The gun is an older 1100 with fixed choke. Is it safe to fire steel out of it for duck?


----------



## Ths dog hunts!! (Sep 13, 2008)

Is according to the choke, modified---open, it won't matter, any closer than modified it will, I bought a 3" chambered, 30" steel shot barrel for my 1100, it came with 2 steel shot chokes, & a regular modified.
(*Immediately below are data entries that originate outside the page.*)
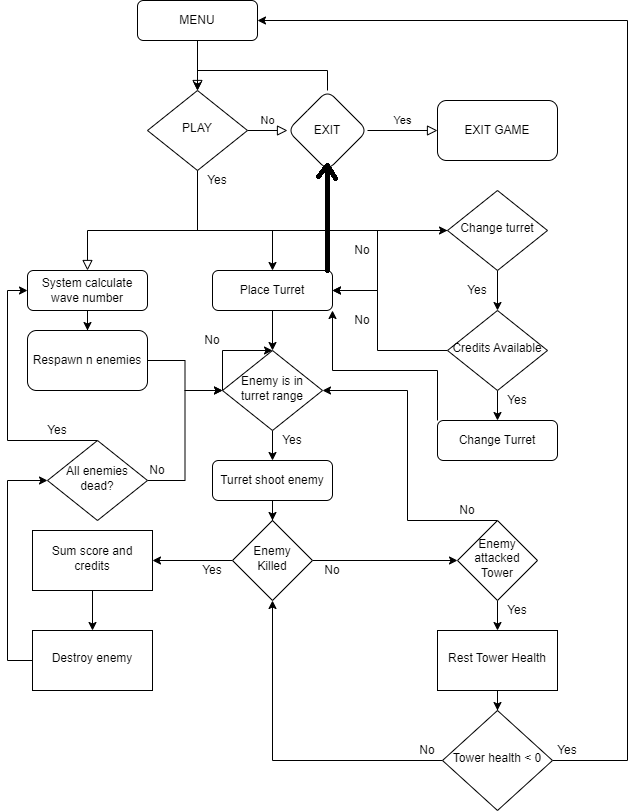

The diagram above was exported from draw.io. Its source (the exported page's mxGraphModel, read from the mxfile embedded in the PNG):
<mxGraphModel dx="1038" dy="571" grid="1" gridSize="10" guides="1" tooltips="1" connect="1" arrows="1" fold="1" page="1" pageScale="1" pageWidth="827" pageHeight="1169" math="0" shadow="0">
  <root>
    <mxCell id="WIyWlLk6GJQsqaUBKTNV-0" />
    <mxCell id="WIyWlLk6GJQsqaUBKTNV-1" parent="WIyWlLk6GJQsqaUBKTNV-0" />
    <mxCell id="WIyWlLk6GJQsqaUBKTNV-2" value="" style="rounded=0;html=1;jettySize=auto;orthogonalLoop=1;fontSize=11;endArrow=block;endFill=0;endSize=8;strokeWidth=1;shadow=0;labelBackgroundColor=none;edgeStyle=orthogonalEdgeStyle;" parent="WIyWlLk6GJQsqaUBKTNV-1" source="WIyWlLk6GJQsqaUBKTNV-3" target="WIyWlLk6GJQsqaUBKTNV-6" edge="1">
      <mxGeometry relative="1" as="geometry" />
    </mxCell>
    <mxCell id="WIyWlLk6GJQsqaUBKTNV-3" value="MENU" style="rounded=1;whiteSpace=wrap;html=1;fontSize=12;glass=0;strokeWidth=1;shadow=0;" parent="WIyWlLk6GJQsqaUBKTNV-1" vertex="1">
      <mxGeometry x="160" y="50" width="120" height="40" as="geometry" />
    </mxCell>
    <mxCell id="WIyWlLk6GJQsqaUBKTNV-4" value="" style="rounded=0;html=1;jettySize=auto;orthogonalLoop=1;fontSize=11;endArrow=block;endFill=0;endSize=8;strokeWidth=1;shadow=0;labelBackgroundColor=none;edgeStyle=orthogonalEdgeStyle;entryX=0.5;entryY=0;entryDx=0;entryDy=0;" parent="WIyWlLk6GJQsqaUBKTNV-1" source="WIyWlLk6GJQsqaUBKTNV-6" target="WIyWlLk6GJQsqaUBKTNV-11" edge="1">
      <mxGeometry y="20" relative="1" as="geometry">
        <mxPoint as="offset" />
        <mxPoint x="220" y="290" as="targetPoint" />
        <Array as="points">
          <mxPoint x="220" y="280" />
          <mxPoint x="110" y="280" />
        </Array>
      </mxGeometry>
    </mxCell>
    <mxCell id="WIyWlLk6GJQsqaUBKTNV-5" value="No" style="edgeStyle=orthogonalEdgeStyle;rounded=0;html=1;jettySize=auto;orthogonalLoop=1;fontSize=11;endArrow=block;endFill=0;endSize=8;strokeWidth=1;shadow=0;labelBackgroundColor=none;entryX=0;entryY=0.5;entryDx=0;entryDy=0;" parent="WIyWlLk6GJQsqaUBKTNV-1" source="WIyWlLk6GJQsqaUBKTNV-6" edge="1">
      <mxGeometry y="10" relative="1" as="geometry">
        <mxPoint as="offset" />
        <mxPoint x="310" y="180" as="targetPoint" />
      </mxGeometry>
    </mxCell>
    <mxCell id="YGp4jJyjVegNV30TDW-p-41" style="edgeStyle=orthogonalEdgeStyle;rounded=0;orthogonalLoop=1;jettySize=auto;html=1;entryX=0.5;entryY=0;entryDx=0;entryDy=0;" edge="1" parent="WIyWlLk6GJQsqaUBKTNV-1" source="WIyWlLk6GJQsqaUBKTNV-6" target="YGp4jJyjVegNV30TDW-p-40">
      <mxGeometry relative="1" as="geometry">
        <mxPoint x="370" y="300" as="targetPoint" />
        <Array as="points">
          <mxPoint x="220" y="280" />
          <mxPoint x="295" y="280" />
        </Array>
      </mxGeometry>
    </mxCell>
    <mxCell id="YGp4jJyjVegNV30TDW-p-56" style="edgeStyle=orthogonalEdgeStyle;rounded=0;orthogonalLoop=1;jettySize=auto;html=1;entryX=0;entryY=0.5;entryDx=0;entryDy=0;" edge="1" parent="WIyWlLk6GJQsqaUBKTNV-1" source="WIyWlLk6GJQsqaUBKTNV-6" target="YGp4jJyjVegNV30TDW-p-53">
      <mxGeometry relative="1" as="geometry">
        <Array as="points">
          <mxPoint x="220" y="280" />
        </Array>
      </mxGeometry>
    </mxCell>
    <mxCell id="WIyWlLk6GJQsqaUBKTNV-6" value="PLAY" style="rhombus;whiteSpace=wrap;html=1;shadow=0;fontFamily=Helvetica;fontSize=12;align=center;strokeWidth=1;spacing=6;spacingTop=-4;" parent="WIyWlLk6GJQsqaUBKTNV-1" vertex="1">
      <mxGeometry x="170" y="140" width="100" height="80" as="geometry" />
    </mxCell>
    <mxCell id="YGp4jJyjVegNV30TDW-p-20" value="" style="edgeStyle=orthogonalEdgeStyle;rounded=0;orthogonalLoop=1;jettySize=auto;html=1;" edge="1" parent="WIyWlLk6GJQsqaUBKTNV-1" source="WIyWlLk6GJQsqaUBKTNV-11" target="YGp4jJyjVegNV30TDW-p-19">
      <mxGeometry relative="1" as="geometry" />
    </mxCell>
    <mxCell id="WIyWlLk6GJQsqaUBKTNV-11" value="System calculate wave number" style="rounded=1;whiteSpace=wrap;html=1;fontSize=12;glass=0;strokeWidth=1;shadow=0;" parent="WIyWlLk6GJQsqaUBKTNV-1" vertex="1">
      <mxGeometry x="50" y="320" width="120" height="40" as="geometry" />
    </mxCell>
    <mxCell id="YGp4jJyjVegNV30TDW-p-5" style="edgeStyle=orthogonalEdgeStyle;rounded=0;orthogonalLoop=1;jettySize=auto;html=1;exitX=0.5;exitY=0;exitDx=0;exitDy=0;entryX=0.5;entryY=0;entryDx=0;entryDy=0;" edge="1" parent="WIyWlLk6GJQsqaUBKTNV-1" source="YGp4jJyjVegNV30TDW-p-0" target="WIyWlLk6GJQsqaUBKTNV-6">
      <mxGeometry relative="1" as="geometry">
        <mxPoint x="350" y="140" as="sourcePoint" />
      </mxGeometry>
    </mxCell>
    <mxCell id="YGp4jJyjVegNV30TDW-p-0" value="EXIT" style="rhombus;whiteSpace=wrap;html=1;rounded=1;glass=0;strokeWidth=1;shadow=0;" vertex="1" parent="WIyWlLk6GJQsqaUBKTNV-1">
      <mxGeometry x="310" y="140" width="80" height="80" as="geometry" />
    </mxCell>
    <mxCell id="YGp4jJyjVegNV30TDW-p-3" value="EXIT GAME" style="whiteSpace=wrap;html=1;rounded=1;glass=0;strokeWidth=1;shadow=0;" vertex="1" parent="WIyWlLk6GJQsqaUBKTNV-1">
      <mxGeometry x="460" y="150" width="120" height="60" as="geometry" />
    </mxCell>
    <mxCell id="YGp4jJyjVegNV30TDW-p-8" value="Yes" style="edgeStyle=orthogonalEdgeStyle;rounded=0;html=1;jettySize=auto;orthogonalLoop=1;fontSize=11;endArrow=block;endFill=0;endSize=8;strokeWidth=1;shadow=0;labelBackgroundColor=none;entryX=0;entryY=0.5;entryDx=0;entryDy=0;exitX=1;exitY=0.5;exitDx=0;exitDy=0;" edge="1" parent="WIyWlLk6GJQsqaUBKTNV-1" source="YGp4jJyjVegNV30TDW-p-0" target="YGp4jJyjVegNV30TDW-p-3">
      <mxGeometry y="10" relative="1" as="geometry">
        <mxPoint as="offset" />
        <mxPoint x="390" y="180" as="sourcePoint" />
        <mxPoint x="330" y="200" as="targetPoint" />
        <Array as="points" />
      </mxGeometry>
    </mxCell>
    <mxCell id="YGp4jJyjVegNV30TDW-p-29" style="edgeStyle=orthogonalEdgeStyle;rounded=0;orthogonalLoop=1;jettySize=auto;html=1;entryX=0.5;entryY=0;entryDx=0;entryDy=0;" edge="1" parent="WIyWlLk6GJQsqaUBKTNV-1" source="YGp4jJyjVegNV30TDW-p-13" target="YGp4jJyjVegNV30TDW-p-28">
      <mxGeometry relative="1" as="geometry" />
    </mxCell>
    <mxCell id="YGp4jJyjVegNV30TDW-p-71" style="edgeStyle=orthogonalEdgeStyle;rounded=0;orthogonalLoop=1;jettySize=auto;html=1;exitX=0;exitY=0.5;exitDx=0;exitDy=0;" edge="1" parent="WIyWlLk6GJQsqaUBKTNV-1" source="YGp4jJyjVegNV30TDW-p-13">
      <mxGeometry relative="1" as="geometry">
        <mxPoint x="295" y="400" as="targetPoint" />
        <Array as="points">
          <mxPoint x="245" y="400" />
        </Array>
      </mxGeometry>
    </mxCell>
    <mxCell id="YGp4jJyjVegNV30TDW-p-13" value="Enemy is in turret range" style="rhombus;whiteSpace=wrap;html=1;shadow=0;fontFamily=Helvetica;fontSize=12;align=center;strokeWidth=1;spacing=6;spacingTop=-4;" vertex="1" parent="WIyWlLk6GJQsqaUBKTNV-1">
      <mxGeometry x="245" y="400" width="100" height="80" as="geometry" />
    </mxCell>
    <mxCell id="YGp4jJyjVegNV30TDW-p-32" value="" style="edgeStyle=orthogonalEdgeStyle;rounded=0;orthogonalLoop=1;jettySize=auto;html=1;" edge="1" parent="WIyWlLk6GJQsqaUBKTNV-1" source="YGp4jJyjVegNV30TDW-p-14" target="YGp4jJyjVegNV30TDW-p-31">
      <mxGeometry relative="1" as="geometry" />
    </mxCell>
    <mxCell id="YGp4jJyjVegNV30TDW-p-72" style="edgeStyle=orthogonalEdgeStyle;rounded=0;orthogonalLoop=1;jettySize=auto;html=1;entryX=0;entryY=0.5;entryDx=0;entryDy=0;" edge="1" parent="WIyWlLk6GJQsqaUBKTNV-1" source="YGp4jJyjVegNV30TDW-p-14" target="YGp4jJyjVegNV30TDW-p-17">
      <mxGeometry relative="1" as="geometry" />
    </mxCell>
    <mxCell id="YGp4jJyjVegNV30TDW-p-14" value="Enemy Killed" style="rhombus;whiteSpace=wrap;html=1;shadow=0;strokeWidth=1;spacing=6;spacingTop=-4;" vertex="1" parent="WIyWlLk6GJQsqaUBKTNV-1">
      <mxGeometry x="255" y="570" width="80" height="80" as="geometry" />
    </mxCell>
    <mxCell id="YGp4jJyjVegNV30TDW-p-75" value="" style="edgeStyle=orthogonalEdgeStyle;rounded=0;orthogonalLoop=1;jettySize=auto;html=1;" edge="1" parent="WIyWlLk6GJQsqaUBKTNV-1" source="YGp4jJyjVegNV30TDW-p-17" target="YGp4jJyjVegNV30TDW-p-74">
      <mxGeometry relative="1" as="geometry" />
    </mxCell>
    <mxCell id="YGp4jJyjVegNV30TDW-p-79" style="edgeStyle=orthogonalEdgeStyle;rounded=0;orthogonalLoop=1;jettySize=auto;html=1;entryX=1;entryY=0.5;entryDx=0;entryDy=0;exitX=0.5;exitY=0;exitDx=0;exitDy=0;" edge="1" parent="WIyWlLk6GJQsqaUBKTNV-1" source="YGp4jJyjVegNV30TDW-p-17" target="YGp4jJyjVegNV30TDW-p-13">
      <mxGeometry relative="1" as="geometry">
        <mxPoint x="520" y="560" as="sourcePoint" />
        <Array as="points">
          <mxPoint x="430" y="570" />
          <mxPoint x="430" y="440" />
        </Array>
      </mxGeometry>
    </mxCell>
    <mxCell id="YGp4jJyjVegNV30TDW-p-17" value="Enemy attacked Tower" style="rhombus;whiteSpace=wrap;html=1;shadow=0;strokeWidth=1;spacing=6;spacingTop=-4;" vertex="1" parent="WIyWlLk6GJQsqaUBKTNV-1">
      <mxGeometry x="480" y="570" width="80" height="80" as="geometry" />
    </mxCell>
    <mxCell id="YGp4jJyjVegNV30TDW-p-97" style="edgeStyle=orthogonalEdgeStyle;rounded=0;orthogonalLoop=1;jettySize=auto;html=1;entryX=0;entryY=0.5;entryDx=0;entryDy=0;" edge="1" parent="WIyWlLk6GJQsqaUBKTNV-1" source="YGp4jJyjVegNV30TDW-p-19" target="YGp4jJyjVegNV30TDW-p-13">
      <mxGeometry relative="1" as="geometry" />
    </mxCell>
    <mxCell id="YGp4jJyjVegNV30TDW-p-19" value="Respawn n enemies" style="whiteSpace=wrap;html=1;rounded=1;glass=0;strokeWidth=1;shadow=0;" vertex="1" parent="WIyWlLk6GJQsqaUBKTNV-1">
      <mxGeometry x="50" y="380" width="120" height="60" as="geometry" />
    </mxCell>
    <UserObject label="Yes" placeholders="1" name="Variable" id="YGp4jJyjVegNV30TDW-p-23">
      <mxCell style="text;html=1;strokeColor=none;fillColor=none;align=center;verticalAlign=middle;whiteSpace=wrap;overflow=hidden;" vertex="1" parent="WIyWlLk6GJQsqaUBKTNV-1">
        <mxGeometry x="220" y="220" width="40" height="20" as="geometry" />
      </mxCell>
    </UserObject>
    <UserObject label="Yes" placeholders="1" name="Variable" id="YGp4jJyjVegNV30TDW-p-24">
      <mxCell style="text;html=1;strokeColor=none;fillColor=none;align=center;verticalAlign=middle;whiteSpace=wrap;overflow=hidden;" vertex="1" parent="WIyWlLk6GJQsqaUBKTNV-1">
        <mxGeometry x="295" y="480" width="40" height="20" as="geometry" />
      </mxCell>
    </UserObject>
    <UserObject label="No" placeholders="1" name="Variable" id="YGp4jJyjVegNV30TDW-p-25">
      <mxCell style="text;html=1;strokeColor=none;fillColor=none;align=center;verticalAlign=middle;whiteSpace=wrap;overflow=hidden;" vertex="1" parent="WIyWlLk6GJQsqaUBKTNV-1">
        <mxGeometry x="215" y="380" width="40" height="20" as="geometry" />
      </mxCell>
    </UserObject>
    <UserObject label="Yes" placeholders="1" name="Variable" id="YGp4jJyjVegNV30TDW-p-27">
      <mxCell style="text;html=1;strokeColor=none;fillColor=none;align=center;verticalAlign=middle;whiteSpace=wrap;overflow=hidden;" vertex="1" parent="WIyWlLk6GJQsqaUBKTNV-1">
        <mxGeometry x="215" y="610" width="40" height="20" as="geometry" />
      </mxCell>
    </UserObject>
    <mxCell id="YGp4jJyjVegNV30TDW-p-30" value="" style="edgeStyle=orthogonalEdgeStyle;rounded=0;orthogonalLoop=1;jettySize=auto;html=1;" edge="1" parent="WIyWlLk6GJQsqaUBKTNV-1" source="YGp4jJyjVegNV30TDW-p-28">
      <mxGeometry relative="1" as="geometry">
        <mxPoint x="295" y="570" as="targetPoint" />
      </mxGeometry>
    </mxCell>
    <mxCell id="YGp4jJyjVegNV30TDW-p-28" value="Turret shoot enemy" style="rounded=1;whiteSpace=wrap;html=1;fontSize=12;glass=0;strokeWidth=1;shadow=0;" vertex="1" parent="WIyWlLk6GJQsqaUBKTNV-1">
      <mxGeometry x="235" y="510" width="120" height="40" as="geometry" />
    </mxCell>
    <mxCell id="YGp4jJyjVegNV30TDW-p-77" value="" style="edgeStyle=orthogonalEdgeStyle;rounded=0;orthogonalLoop=1;jettySize=auto;html=1;" edge="1" parent="WIyWlLk6GJQsqaUBKTNV-1" source="YGp4jJyjVegNV30TDW-p-31" target="YGp4jJyjVegNV30TDW-p-76">
      <mxGeometry relative="1" as="geometry" />
    </mxCell>
    <mxCell id="YGp4jJyjVegNV30TDW-p-31" value="Sum score and credits" style="whiteSpace=wrap;html=1;shadow=0;strokeWidth=1;spacing=6;spacingTop=-4;" vertex="1" parent="WIyWlLk6GJQsqaUBKTNV-1">
      <mxGeometry x="55" y="580" width="120" height="60" as="geometry" />
    </mxCell>
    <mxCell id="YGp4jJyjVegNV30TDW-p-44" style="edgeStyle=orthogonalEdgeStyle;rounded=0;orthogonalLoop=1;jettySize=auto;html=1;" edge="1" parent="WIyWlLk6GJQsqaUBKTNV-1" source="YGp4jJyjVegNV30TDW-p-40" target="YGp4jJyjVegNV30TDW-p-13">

The modified worried me, I called remington, they explained modified doesnt matter.They have a 1=800 no#


----------



## jp328 (Sep 15, 2008)

I have improved barrel on the gun.


----------



## CLIFFP (Sep 17, 2008)

HEY JP328, I AM NOT SURE HOW LONG AGO IT WAS, MAYBE 10 YRS REMINGTON HAD A CLASS ACTION LAWSUIT AGAINST THEM ON OLDER 1100 (CERTAIN SERIAL #'s), ANYWAY YOU HAD TO FILL OUT SOME PAPER WORK AND SEND IN TO THEM AND THEY WOULD SEND YOU SOME MONEY (60-80 BUCKS).  THE METAL USED FOR THE BARRELS WAS NOT COMPATIBLE FOR STEEL SHOT.
IT WAS AWHILE BACK AND I REMEMBER THEY DID SEND ME A CHECK, BUT CANNOT REMEMBER EXACT AMOUNT BUT I AM SURE THE CASE HAS BEEN CLOSED.  ALL NEW BARREL REPLACEMENTS ARE FINE FOR STEEL SHOT.  HOPE THAT HELPS A LITTLE.
        P.S. TRY TO GOOGLE IT.


----------



## Twenty five ought six (Sep 17, 2008)

> HEY JP328, I AM NOT SURE HOW LONG AGO IT WAS, MAYBE 10 YRS REMINGTON HAD A CLASS ACTION LAWSUIT AGAINST THEM ON OLDER 1100 (CERTAIN SERIAL #'s), ANYWAY YOU HAD TO FILL OUT SOME PAPER WORK AND SEND IN TO THEM AND THEY WOULD SEND YOU SOME MONEY (60-80 BUCKS).



That bogus lawsuit had nothing to do with steel shot.


----------



## jp328 (Sep 17, 2008)

it is a 70's model I am sure. I really am not sure about this. I would like to know before messing up a barrel. Thanks to all so far.


----------